── DATA EXTRACT ──
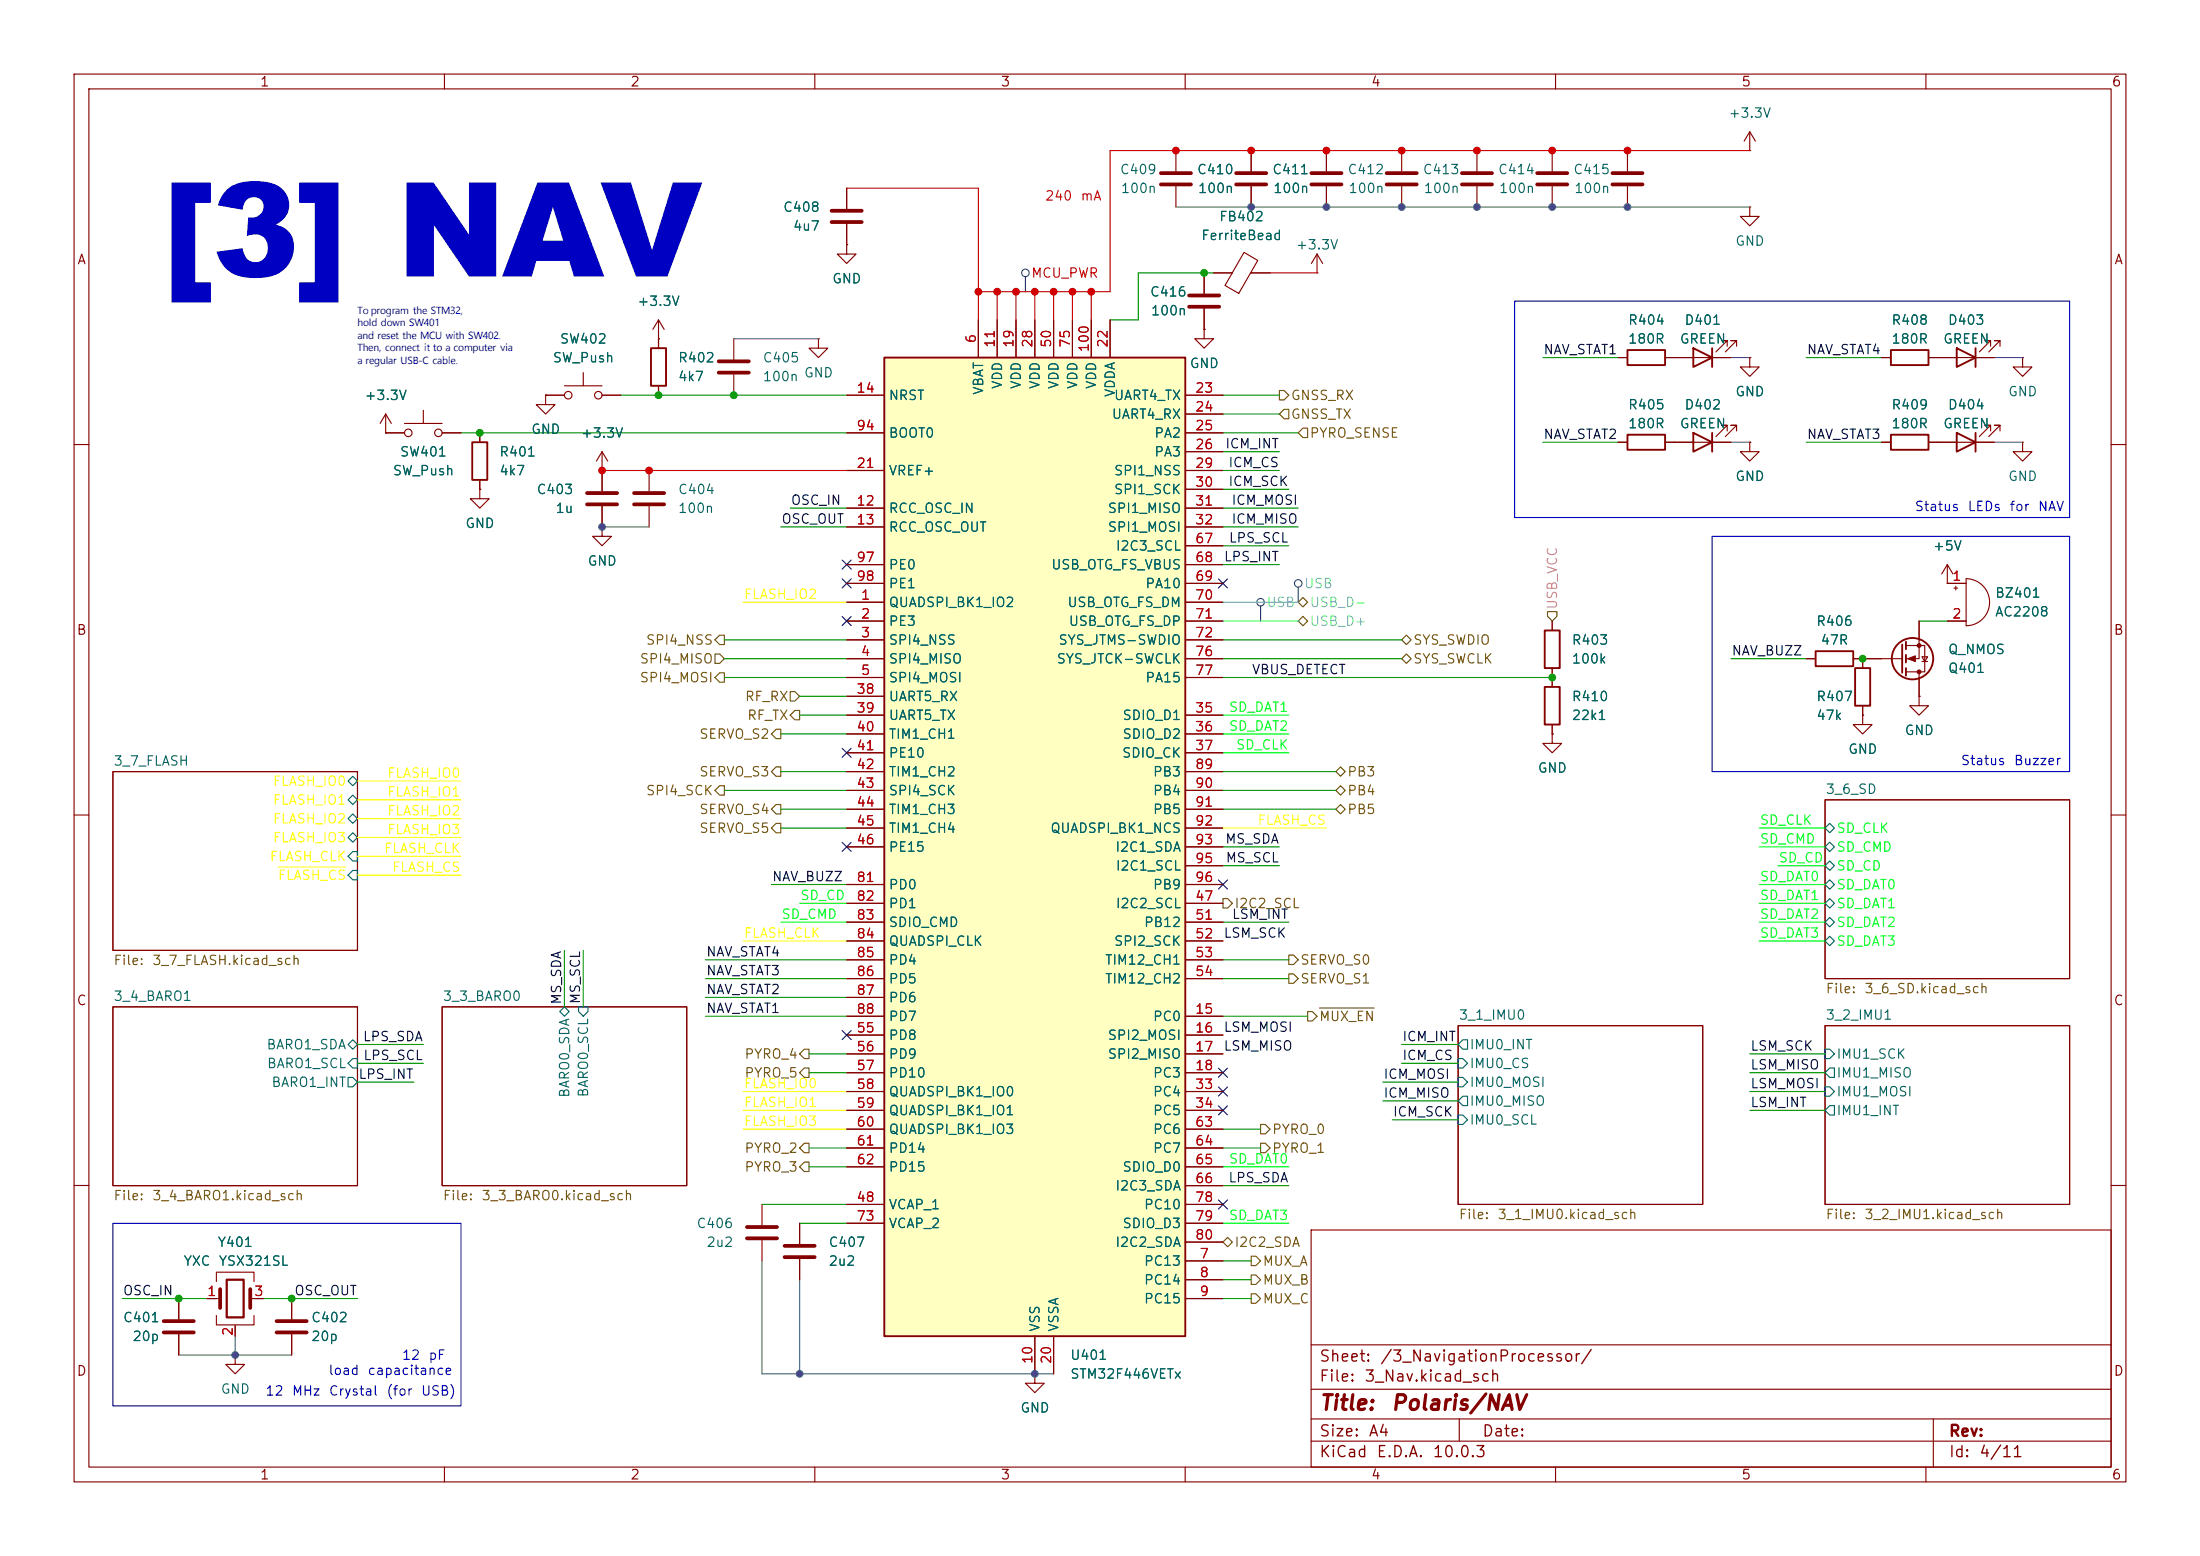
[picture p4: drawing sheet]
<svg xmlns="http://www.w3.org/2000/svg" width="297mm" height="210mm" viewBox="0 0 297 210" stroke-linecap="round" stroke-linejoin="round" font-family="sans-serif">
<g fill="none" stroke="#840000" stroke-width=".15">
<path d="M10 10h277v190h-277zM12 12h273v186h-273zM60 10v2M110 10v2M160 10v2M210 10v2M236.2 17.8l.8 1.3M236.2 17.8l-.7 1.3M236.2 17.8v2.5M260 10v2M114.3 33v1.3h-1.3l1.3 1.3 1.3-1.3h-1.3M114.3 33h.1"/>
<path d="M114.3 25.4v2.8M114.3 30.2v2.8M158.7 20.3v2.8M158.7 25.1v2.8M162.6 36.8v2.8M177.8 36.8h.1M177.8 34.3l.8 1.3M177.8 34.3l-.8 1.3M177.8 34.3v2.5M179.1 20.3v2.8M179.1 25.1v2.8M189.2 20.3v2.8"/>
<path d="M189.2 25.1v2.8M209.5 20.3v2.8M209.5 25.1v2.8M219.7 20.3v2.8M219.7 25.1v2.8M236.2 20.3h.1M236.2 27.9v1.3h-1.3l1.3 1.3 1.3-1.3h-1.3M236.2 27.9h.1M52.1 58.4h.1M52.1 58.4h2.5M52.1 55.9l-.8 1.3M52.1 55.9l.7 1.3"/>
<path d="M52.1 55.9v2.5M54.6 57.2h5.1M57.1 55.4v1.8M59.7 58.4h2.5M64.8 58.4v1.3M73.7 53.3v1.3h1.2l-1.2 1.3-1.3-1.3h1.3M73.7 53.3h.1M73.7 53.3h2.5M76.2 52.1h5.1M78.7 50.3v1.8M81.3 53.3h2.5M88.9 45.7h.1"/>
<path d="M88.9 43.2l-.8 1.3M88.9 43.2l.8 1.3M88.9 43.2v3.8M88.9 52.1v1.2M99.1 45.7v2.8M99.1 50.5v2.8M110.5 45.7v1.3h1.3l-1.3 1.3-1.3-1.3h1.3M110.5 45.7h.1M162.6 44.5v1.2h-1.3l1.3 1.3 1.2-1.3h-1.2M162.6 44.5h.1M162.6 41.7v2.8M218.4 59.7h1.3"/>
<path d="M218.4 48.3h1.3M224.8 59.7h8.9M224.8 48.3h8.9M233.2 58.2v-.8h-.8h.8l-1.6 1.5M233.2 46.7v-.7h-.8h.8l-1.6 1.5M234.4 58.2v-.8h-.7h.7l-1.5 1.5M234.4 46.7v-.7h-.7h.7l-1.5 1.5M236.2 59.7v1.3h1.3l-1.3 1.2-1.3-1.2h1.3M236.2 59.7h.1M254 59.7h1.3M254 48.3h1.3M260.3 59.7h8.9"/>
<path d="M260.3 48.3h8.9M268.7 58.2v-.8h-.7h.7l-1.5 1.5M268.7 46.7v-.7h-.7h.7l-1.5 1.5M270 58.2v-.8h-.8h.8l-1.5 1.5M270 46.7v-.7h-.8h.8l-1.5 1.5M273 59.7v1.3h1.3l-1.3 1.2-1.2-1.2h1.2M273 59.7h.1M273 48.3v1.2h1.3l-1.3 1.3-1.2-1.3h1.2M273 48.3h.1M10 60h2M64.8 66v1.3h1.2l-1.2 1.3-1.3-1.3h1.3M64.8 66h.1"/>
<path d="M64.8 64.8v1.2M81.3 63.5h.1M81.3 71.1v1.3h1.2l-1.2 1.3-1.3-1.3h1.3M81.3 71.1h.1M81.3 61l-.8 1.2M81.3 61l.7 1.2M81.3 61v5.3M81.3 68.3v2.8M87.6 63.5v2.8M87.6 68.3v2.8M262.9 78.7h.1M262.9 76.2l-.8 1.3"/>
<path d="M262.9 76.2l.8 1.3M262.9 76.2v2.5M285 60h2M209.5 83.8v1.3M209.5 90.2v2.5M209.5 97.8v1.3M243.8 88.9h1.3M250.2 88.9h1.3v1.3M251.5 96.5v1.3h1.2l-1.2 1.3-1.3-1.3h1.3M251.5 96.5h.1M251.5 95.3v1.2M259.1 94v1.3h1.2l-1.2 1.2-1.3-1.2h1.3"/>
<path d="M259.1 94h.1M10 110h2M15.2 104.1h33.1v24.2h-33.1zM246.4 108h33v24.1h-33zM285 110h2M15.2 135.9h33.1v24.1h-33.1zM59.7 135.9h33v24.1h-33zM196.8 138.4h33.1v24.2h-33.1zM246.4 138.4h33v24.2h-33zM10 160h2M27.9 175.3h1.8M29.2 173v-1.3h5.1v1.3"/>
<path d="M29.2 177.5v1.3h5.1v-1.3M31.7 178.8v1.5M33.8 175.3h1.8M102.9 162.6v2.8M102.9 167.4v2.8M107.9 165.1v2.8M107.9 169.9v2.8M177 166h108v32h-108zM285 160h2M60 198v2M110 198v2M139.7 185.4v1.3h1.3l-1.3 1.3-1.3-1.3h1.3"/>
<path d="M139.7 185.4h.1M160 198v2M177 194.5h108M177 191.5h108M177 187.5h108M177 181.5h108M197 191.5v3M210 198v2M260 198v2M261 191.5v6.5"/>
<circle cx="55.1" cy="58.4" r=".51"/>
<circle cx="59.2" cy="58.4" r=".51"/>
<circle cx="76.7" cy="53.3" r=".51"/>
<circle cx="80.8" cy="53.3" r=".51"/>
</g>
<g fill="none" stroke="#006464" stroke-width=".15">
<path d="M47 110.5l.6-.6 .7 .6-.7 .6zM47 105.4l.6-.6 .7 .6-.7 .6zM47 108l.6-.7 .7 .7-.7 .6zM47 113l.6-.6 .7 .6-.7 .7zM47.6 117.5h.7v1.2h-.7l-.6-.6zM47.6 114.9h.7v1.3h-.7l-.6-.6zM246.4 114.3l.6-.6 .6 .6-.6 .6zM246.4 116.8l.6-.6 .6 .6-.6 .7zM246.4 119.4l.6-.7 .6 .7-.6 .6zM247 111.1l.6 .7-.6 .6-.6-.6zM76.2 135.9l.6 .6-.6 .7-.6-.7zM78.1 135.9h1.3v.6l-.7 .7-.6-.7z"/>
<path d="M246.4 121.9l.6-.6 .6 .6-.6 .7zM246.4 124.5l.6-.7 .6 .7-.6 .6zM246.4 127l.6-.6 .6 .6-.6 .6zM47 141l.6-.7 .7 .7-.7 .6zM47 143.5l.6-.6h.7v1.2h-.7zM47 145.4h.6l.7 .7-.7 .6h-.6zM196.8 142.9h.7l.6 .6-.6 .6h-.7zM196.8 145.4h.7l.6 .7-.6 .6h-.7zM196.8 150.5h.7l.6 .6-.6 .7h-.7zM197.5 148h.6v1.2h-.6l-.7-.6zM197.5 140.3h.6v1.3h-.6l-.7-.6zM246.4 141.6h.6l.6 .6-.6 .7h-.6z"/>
───
WHAT TO DO:
The material above should be returned exactly, without pictures.

OUTPUT:
[picture p4: drawing sheet]
<svg xmlns="http://www.w3.org/2000/svg" width="297mm" height="210mm" viewBox="0 0 297 210" stroke-linecap="round" stroke-linejoin="round" font-family="sans-serif">
<g fill="none" stroke="#840000" stroke-width=".15">
<path d="M10 10h277v190h-277zM12 12h273v186h-273zM60 10v2M110 10v2M160 10v2M210 10v2M236.2 17.8l.8 1.3M236.2 17.8l-.7 1.3M236.2 17.8v2.5M260 10v2M114.3 33v1.3h-1.3l1.3 1.3 1.3-1.3h-1.3M114.3 33h.1"/>
<path d="M114.3 25.4v2.8M114.3 30.2v2.8M158.7 20.3v2.8M158.7 25.1v2.8M162.6 36.8v2.8M177.8 36.8h.1M177.8 34.3l.8 1.3M177.8 34.3l-.8 1.3M177.8 34.3v2.5M179.1 20.3v2.8M179.1 25.1v2.8M189.2 20.3v2.8"/>
<path d="M189.2 25.1v2.8M209.5 20.3v2.8M209.5 25.1v2.8M219.7 20.3v2.8M219.7 25.1v2.8M236.2 20.3h.1M236.2 27.9v1.3h-1.3l1.3 1.3 1.3-1.3h-1.3M236.2 27.9h.1M52.1 58.4h.1M52.1 58.4h2.5M52.1 55.9l-.8 1.3M52.1 55.9l.7 1.3"/>
<path d="M52.1 55.9v2.5M54.6 57.2h5.1M57.1 55.4v1.8M59.7 58.4h2.5M64.8 58.4v1.3M73.7 53.3v1.3h1.2l-1.2 1.3-1.3-1.3h1.3M73.7 53.3h.1M73.7 53.3h2.5M76.2 52.1h5.1M78.7 50.3v1.8M81.3 53.3h2.5M88.9 45.7h.1"/>
<path d="M88.9 43.2l-.8 1.3M88.9 43.2l.8 1.3M88.9 43.2v3.8M88.9 52.1v1.2M99.1 45.7v2.8M99.1 50.5v2.8M110.5 45.7v1.3h1.3l-1.3 1.3-1.3-1.3h1.3M110.5 45.7h.1M162.6 44.5v1.2h-1.3l1.3 1.3 1.2-1.3h-1.2M162.6 44.5h.1M162.6 41.7v2.8M218.4 59.7h1.3"/>
<path d="M218.4 48.3h1.3M224.8 59.7h8.9M224.8 48.3h8.9M233.2 58.2v-.8h-.8h.8l-1.6 1.5M233.2 46.7v-.7h-.8h.8l-1.6 1.5M234.4 58.2v-.8h-.7h.7l-1.5 1.5M234.4 46.7v-.7h-.7h.7l-1.5 1.5M236.2 59.7v1.3h1.3l-1.3 1.2-1.3-1.2h1.3M236.2 59.7h.1M254 59.7h1.3M254 48.3h1.3M260.3 59.7h8.9"/>
<path d="M260.3 48.3h8.9M268.7 58.2v-.8h-.7h.7l-1.5 1.5M268.7 46.7v-.7h-.7h.7l-1.5 1.5M270 58.2v-.8h-.8h.8l-1.5 1.5M270 46.7v-.7h-.8h.8l-1.5 1.5M273 59.7v1.3h1.3l-1.3 1.2-1.2-1.2h1.2M273 59.7h.1M273 48.3v1.2h1.3l-1.3 1.3-1.2-1.3h1.2M273 48.3h.1M10 60h2M64.8 66v1.3h1.2l-1.2 1.3-1.3-1.3h1.3M64.8 66h.1"/>
<path d="M64.8 64.8v1.2M81.3 63.5h.1M81.3 71.1v1.3h1.2l-1.2 1.3-1.3-1.3h1.3M81.3 71.1h.1M81.3 61l-.8 1.2M81.3 61l.7 1.2M81.3 61v5.3M81.3 68.3v2.8M87.6 63.5v2.8M87.6 68.3v2.8M262.9 78.7h.1M262.9 76.2l-.8 1.3"/>
<path d="M262.9 76.2l.8 1.3M262.9 76.2v2.5M285 60h2M209.5 83.8v1.3M209.5 90.2v2.5M209.5 97.8v1.3M243.8 88.9h1.3M250.2 88.9h1.3v1.3M251.5 96.5v1.3h1.2l-1.2 1.3-1.3-1.3h1.3M251.5 96.5h.1M251.5 95.3v1.2M259.1 94v1.3h1.2l-1.2 1.2-1.3-1.2h1.3"/>
<path d="M259.1 94h.1M10 110h2M15.2 104.1h33.1v24.2h-33.1zM246.4 108h33v24.1h-33zM285 110h2M15.2 135.9h33.1v24.1h-33.1zM59.7 135.9h33v24.1h-33zM196.8 138.4h33.1v24.2h-33.1zM246.4 138.4h33v24.2h-33zM10 160h2M27.9 175.3h1.8M29.2 173v-1.3h5.1v1.3"/>
<path d="M29.2 177.5v1.3h5.1v-1.3M31.7 178.8v1.5M33.8 175.3h1.8M102.9 162.6v2.8M102.9 167.4v2.8M107.9 165.1v2.8M107.9 169.9v2.8M177 166h108v32h-108zM285 160h2M60 198v2M110 198v2M139.7 185.4v1.3h1.3l-1.3 1.3-1.3-1.3h1.3"/>
<path d="M139.7 185.4h.1M160 198v2M177 194.5h108M177 191.5h108M177 187.5h108M177 181.5h108M197 191.5v3M210 198v2M260 198v2M261 191.5v6.5"/>
<circle cx="55.1" cy="58.4" r=".51"/>
<circle cx="59.2" cy="58.4" r=".51"/>
<circle cx="76.7" cy="53.3" r=".51"/>
<circle cx="80.8" cy="53.3" r=".51"/>
</g>
<g fill="none" stroke="#006464" stroke-width=".15">
<path d="M47 110.5l.6-.6 .7 .6-.7 .6zM47 105.4l.6-.6 .7 .6-.7 .6zM47 108l.6-.7 .7 .7-.7 .6zM47 113l.6-.6 .7 .6-.7 .7zM47.6 117.5h.7v1.2h-.7l-.6-.6zM47.6 114.9h.7v1.3h-.7l-.6-.6zM246.4 114.3l.6-.6 .6 .6-.6 .6zM246.4 116.8l.6-.6 .6 .6-.6 .7zM246.4 119.4l.6-.7 .6 .7-.6 .6zM247 111.1l.6 .7-.6 .6-.6-.6zM76.2 135.9l.6 .6-.6 .7-.6-.7zM78.1 135.9h1.3v.6l-.7 .7-.6-.7z"/>
<path d="M246.4 121.9l.6-.6 .6 .6-.6 .7zM246.4 124.5l.6-.7 .6 .7-.6 .6zM246.4 127l.6-.6 .6 .6-.6 .6zM47 141l.6-.7 .7 .7-.7 .6zM47 143.5l.6-.6h.7v1.2h-.7zM47 145.4h.6l.7 .7-.7 .6h-.6zM196.8 142.9h.7l.6 .6-.6 .6h-.7zM196.8 145.4h.7l.6 .7-.6 .6h-.7zM196.8 150.5h.7l.6 .6-.6 .7h-.7zM197.5 148h.6v1.2h-.6l-.7-.6zM197.5 140.3h.6v1.3h-.6l-.7-.6zM246.4 141.6h.6l.6 .6-.6 .7h-.6z"/>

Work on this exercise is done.